Lukas Stegmaier

Advisors
Marlies Nitschke (M.Sc.), Prof. Dr. Anne Koelewijn

Duration
10/2020 – 03/2020

Abstract

Humans can perform tasks in many different ways. For example, to go from A to B, they could walk, run, skip, or hop. However, humans choose to walk at a low speed and run at a high speed very consistently. If we understand the mechanism that chooses the way a task is performed, we can make accurate predictions of human movements, which could aid the design of running shoes, prosthetic legs, and other walking aids.

This mechanism is related to energy efficiency. Gait parameters, such as the step rate, are chosen to minimize energy expenditure [1], and people even change their movement if a different step rate is optimal [2]. However, in other movements, such as bicycling, effort, which is related to the muscle activation, is minimized [3]. Recently, an experiment also pointed out that effort minimization might also be the determining factor in choosing gait, instead of energy expenditure. These two objective have not been compared before.
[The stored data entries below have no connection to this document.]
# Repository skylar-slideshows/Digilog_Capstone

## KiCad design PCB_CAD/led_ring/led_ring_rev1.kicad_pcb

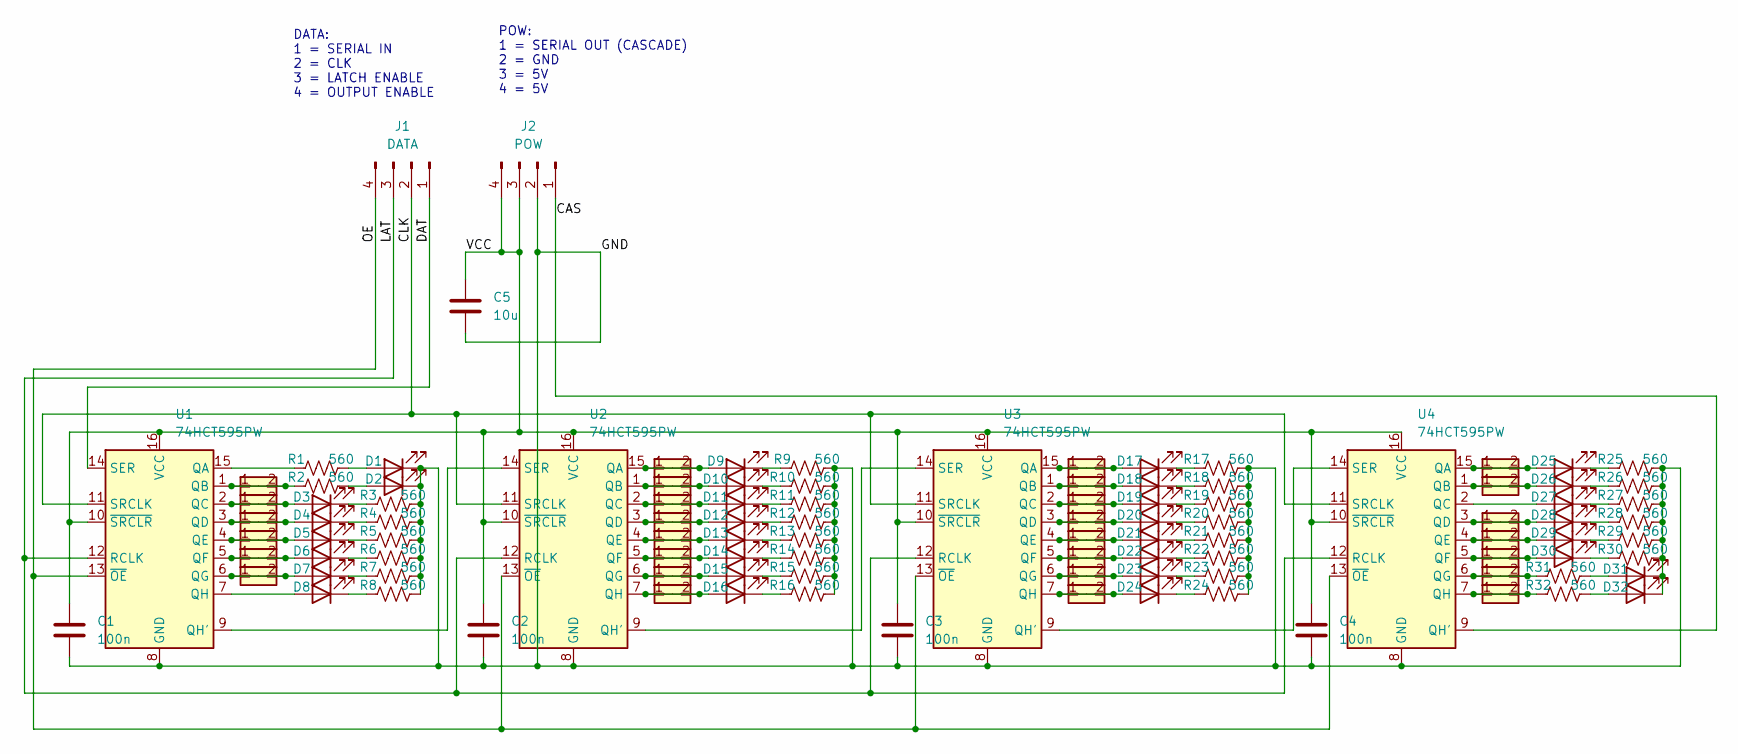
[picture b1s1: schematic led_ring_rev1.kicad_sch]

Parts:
C1, C2, C3, C4: 100n; C_0402_1005Metric; LCSC C1525
C5: 10u; C_0402_1005Metric; LCSC C386033
D1, D2, D3, D4, D5, D6, D7, D8, D9, D10, D11, D12, D13, D14, D15, D16, D17, D18, D19, D20, D21, D22, D23, D24, D25, D26, D27, D28, D29, D30, D31, D32: LED; LED_0201_0603Metric; LCSC C52675959
J1: DATA; PinHeader_1x04_P2.54mm_Vertical; LCSC C5116483
J2: POW; PinHeader_1x04_P2.54mm_Vertical; LCSC C5116483
R1, R2, R3, R4, R5, R6, R7, R8, R9, R10, R11, R12, R13, R14, R15, R16, R17, R18, R19, R20, R21, R22, R23, R24, R25, R26, R27, R28, R29, R30, R31, R32: 560; R_0201_0603Metric; LCSC C295808
U1, U2, U3, U4: 74HCT595PW; TSSOP-16_4.4x5mm_P0.65mm; LCSC C54411086
V2, V3, V4, V5, V6, V7, V9, V10, V11, V12, V13, V14, V15, V16, V17, V18, V19, V20, V21, V22, V23, V24, V25, V26, V28, V29, V30, V31, V32: VIA; VIA_0.5_0.3

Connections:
/CAS: J2.1, U4.9 (QH')
/CLK: J1.2, U1.11 (SRCLK), U2.11 (SRCLK), U3.11 (SRCLK), U4.11 (SRCLK)
/DAT: J1.1, U1.14 (SER)
/GND: C1.2, C2.2, C3.2, C4.2, C5.2, D1.1 (K), D2.1 (K), D31.1 (K), D32.1 (K), J2.2, R3.2, R4.2, R5.2, R6.2, R7.2, R8.2, R9.2, R10.2, R11.2, R12.2, R13.2, R14.2, R15.2, R16.2, R17.2, R18.2, R19.2, R20.2, R21.2, R22.2, R23.2, R24.2, R25.2, R26.2, R27.2, R28.2, R29.2, R30.2, U1.8 (GND), U2.8 (GND), U3.8 (GND), U4.8 (GND)
/LAT: J1.3, U1.12 (RCLK), U2.12 (RCLK), U3.12 (RCLK), U4.12 (RCLK)
/OE: J1.4, U1.13 (~OE), U2.13 (~OE), U3.13 (~OE), U4.13 (~OE)
/VCC: C1.1, C2.1, C3.1, C4.1, C5.1, J2.3, J2.4, U1.10 (~SRCLR), U1.16 (VCC), U2.10 (~SRCLR), U2.16 (VCC), U3.10 (~SRCLR), U3.16 (VCC), U4.10 (~SRCLR), U4.16 (VCC)
unnamed: D1.2 (A), R1.2
unnamed: D2.2 (A), R2.2
unnamed: D3.2 (A), U1.2 (QC), V3.1, V3.2
unnamed: D3.1 (K), R3.1
unnamed: D4.2 (A), U1.3 (QD), V4.1, V4.2
unnamed: D4.1 (K), R4.1
unnamed: D5.2 (A), U1.4 (QE), V5.1, V5.2
unnamed: D5.1 (K), R5.1
unnamed: D6.2 (A), U1.5 (QF), V6.1, V6.2
unnamed: D6.1 (K), R6.1
unnamed: D7.2 (A), U1.6 (QG), V7.1, V7.2
unnamed: D7.1 (K), R7.1
unnamed: D8.2 (A), U1.7 (QH)
unnamed: D8.1 (K), R8.1
unnamed: D9.2 (A), U2.15 (QA), V9.1, V9.2
unnamed: D9.1 (K), R9.1
unnamed: D10.2 (A), U2.1 (QB), V10.1, V10.2
unnamed: D10.1 (K), R10.1
unnamed: D11.2 (A), U2.2 (QC), V11.1, V11.2
unnamed: D11.1 (K), R11.1
unnamed: D12.2 (A), U2.3 (QD), V12.1, V12.2
unnamed: D12.1 (K), R12.1
unnamed: D13.2 (A), U2.4 (QE), V13.1, V13.2
unnamed: D13.1 (K), R13.1
unnamed: D14.2 (A), U2.5 (QF), V14.1, V14.2
unnamed: D14.1 (K), R14.1
unnamed: D15.2 (A), U2.6 (QG), V15.1, V15.2
unnamed: D15.1 (K), R15.1
unnamed: D16.2 (A), U2.7 (QH), V16.1, V16.2
unnamed: D16.1 (K), R16.1
unnamed: D17.2 (A), U3.15 (QA), V17.1, V17.2
unnamed: D17.1 (K), R17.1
unnamed: D18.2 (A), U3.1 (QB), V18.1, V18.2
unnamed: D18.1 (K), R18.1
unnamed: D19.2 (A), U3.2 (QC), V19.1, V19.2
unnamed: D19.1 (K), R19.1
unnamed: D20.2 (A), U3.3 (QD), V20.1, V20.2
unnamed: D20.1 (K), R20.1
unnamed: D21.2 (A), U3.4 (QE), V21.1, V21.2
unnamed: D21.1 (K), R21.1
unnamed: D22.2 (A), U3.5 (QF), V22.1, V22.2
unnamed: D22.1 (K), R22.1
unnamed: D23.2 (A), U3.6 (QG), V23.1, V23.2
unnamed: D23.1 (K), R23.1
unnamed: D24.2 (A), U3.7 (QH), V24.1, V24.2
unnamed: D24.1 (K), R24.1
unnamed: D25.2 (A), U4.15 (QA), V25.1, V25.2
unnamed: D25.1 (K), R25.1
unnamed: D26.2 (A), U4.1 (QB), V26.1, V26.2
unnamed: D26.1 (K), R26.1
unnamed: D27.2 (A), U4.2 (QC)
unnamed: D27.1 (K), R27.1
unnamed: D28.2 (A), U4.3 (QD), V28.1, V28.2
unnamed: D28.1 (K), R28.1
unnamed: D29.2 (A), U4.4 (QE), V29.1, V29.2
unnamed: D29.1 (K), R29.1
unnamed: D30.2 (A), U4.5 (QF), V30.1, V30.2
unnamed: D30.1 (K), R30.1
unnamed: D31.2 (A), R31.2
unnamed: D32.2 (A), R32.2
unnamed: R1.1, U1.15 (QA)
unnamed: R2.1, U1.1 (QB), V2.1, V2.2
unnamed: U1.9 (QH'), U2.14 (SER)
unnamed: U2.9 (QH'), U3.14 (SER)
unnamed: U3.9 (QH'), U4.14 (SER)
unnamed: R31.1, U4.6 (QG), V31.1, V31.2
unnamed: R32.1, U4.7 (QH), V32.1, V32.2

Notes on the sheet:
DATA: 1 = SERIAL IN 2 = CLK 3 = LATCH ENABLE 4 = OUTPUT ENABLE
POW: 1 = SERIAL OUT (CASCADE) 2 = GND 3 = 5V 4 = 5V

Furthermore, other objectives, such as stability, and cosmetics, might also be important.

Therefore, we aim to investigate what objectives are important in choosing the movement pattern in gait. Inverse optimal control is a tool that allows us to evaluate different objectives [4]. Specifically, the goal is to compare the objective of minimizing effort to the objective of minimizing energy expenditure. A data set of gait at different speeds and slopes is available. The goal of this project is to implement an inverse optimal control approach to find an objective that can predict walking at these different speeds and slopes. An existing software package for gait simulations will be extended to allow for inverse optimal control.

References

1. Zarrugh, Mohamed et al.: Optimization of energy expenditure during level walking. European journal of applied physiology and occupational physiology, 1974.
2. Selinger, Jessica et al.: Humans can continuously optimize energetic cost during walking. Current Biology, 2015.
3. Ansley, Les and Cangley, Patrick: Determinants of optimal cadence during cycling. European journal of sport science, 2009.
4. Clever, Debora and Mombaur, Katja: Inverse optimal control as a tool to understand human movement. In Geometric and Numerical Foundations of Movements, 2017.